# Task prompt
The entries that follow must be given again exactly, with no pictures kept.
= = =
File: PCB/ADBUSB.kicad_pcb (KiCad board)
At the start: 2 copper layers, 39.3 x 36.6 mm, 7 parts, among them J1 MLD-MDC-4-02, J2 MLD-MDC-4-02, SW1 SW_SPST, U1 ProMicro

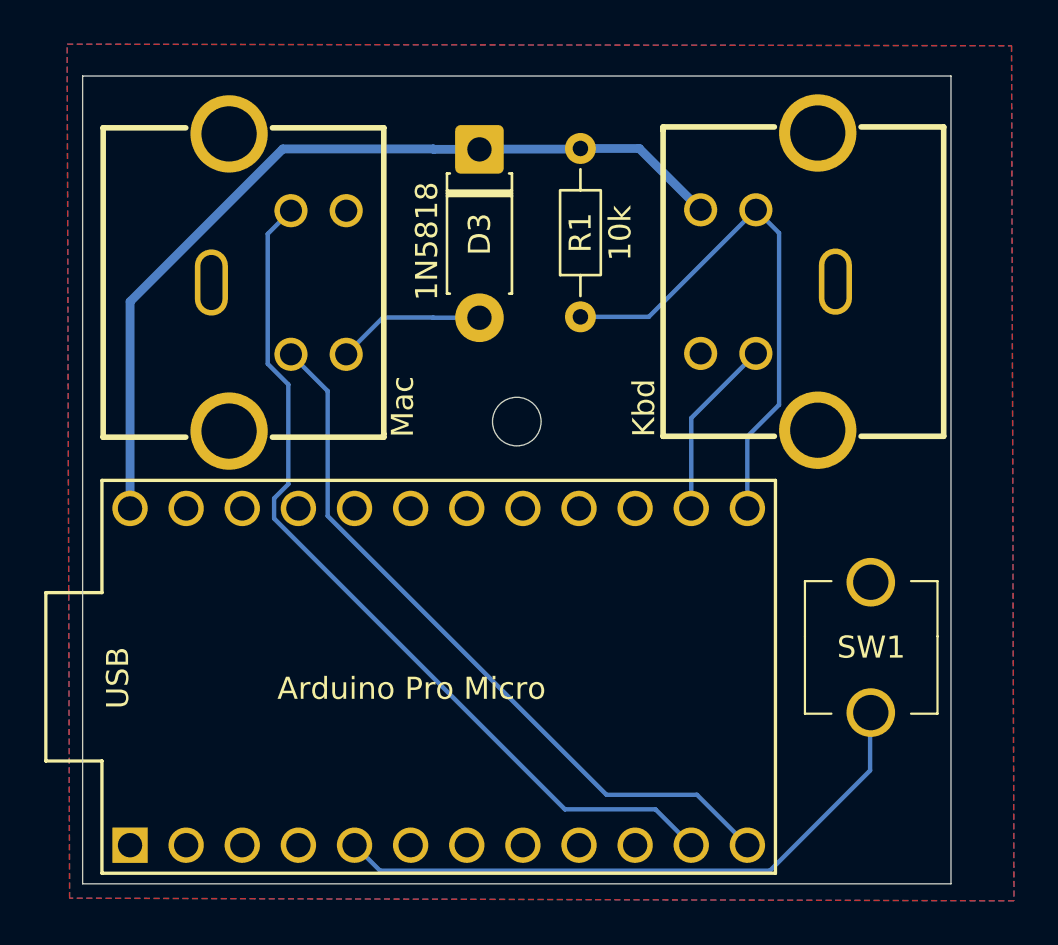
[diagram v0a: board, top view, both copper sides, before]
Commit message: Add a second button footprint
So one can either use an horizontal or vertical one
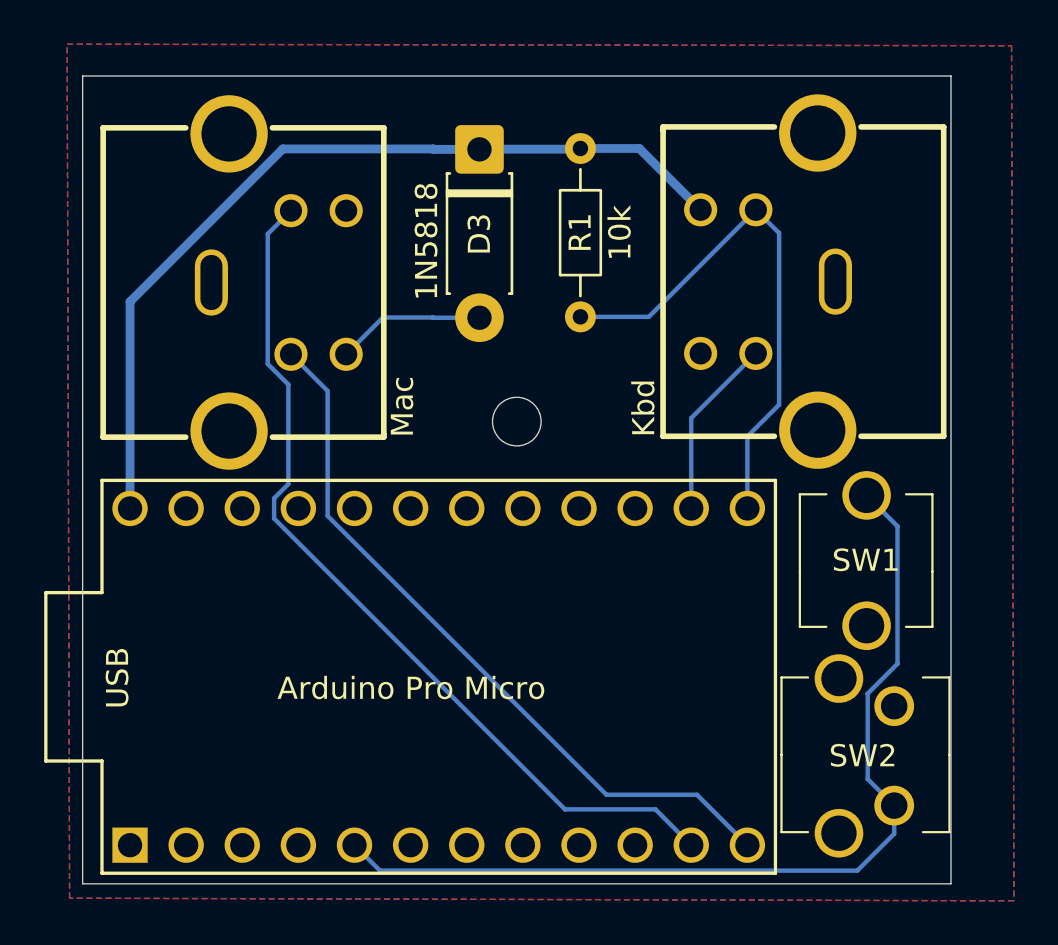
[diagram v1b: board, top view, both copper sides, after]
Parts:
- added SW2: SW_SPST, Pushbutton:SPST_power_switch, F.Cu at (171.8, 91.2)
- moved SW1 3.14 mm to (172.6, 82.9), turned to 90 degrees
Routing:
- net Net-(U1-SDA): track 28.3 -> 42.5 mm
= = =
# Answer
File: PCB/ADBUSB.kicad_pcb (KiCad board)
At the start: 2 copper layers, 39.3 x 36.6 mm, 7 parts, among them J1 MLD-MDC-4-02, J2 MLD-MDC-4-02, SW1 SW_SPST, U1 ProMicro

[diagram v0a: board, top view, both copper sides, before]
Commit message: Add a second button footprint
So one can either use an horizontal or vertical one
[diagram v1b: board, top view, both copper sides, after]
Parts:
- added SW2: SW_SPST, Pushbutton:SPST_power_switch, F.Cu at (171.8, 91.2)
- moved SW1 3.14 mm to (172.6, 82.9), turned to 90 degrees
Routing:
- net Net-(U1-SDA): track 28.3 -> 42.5 mm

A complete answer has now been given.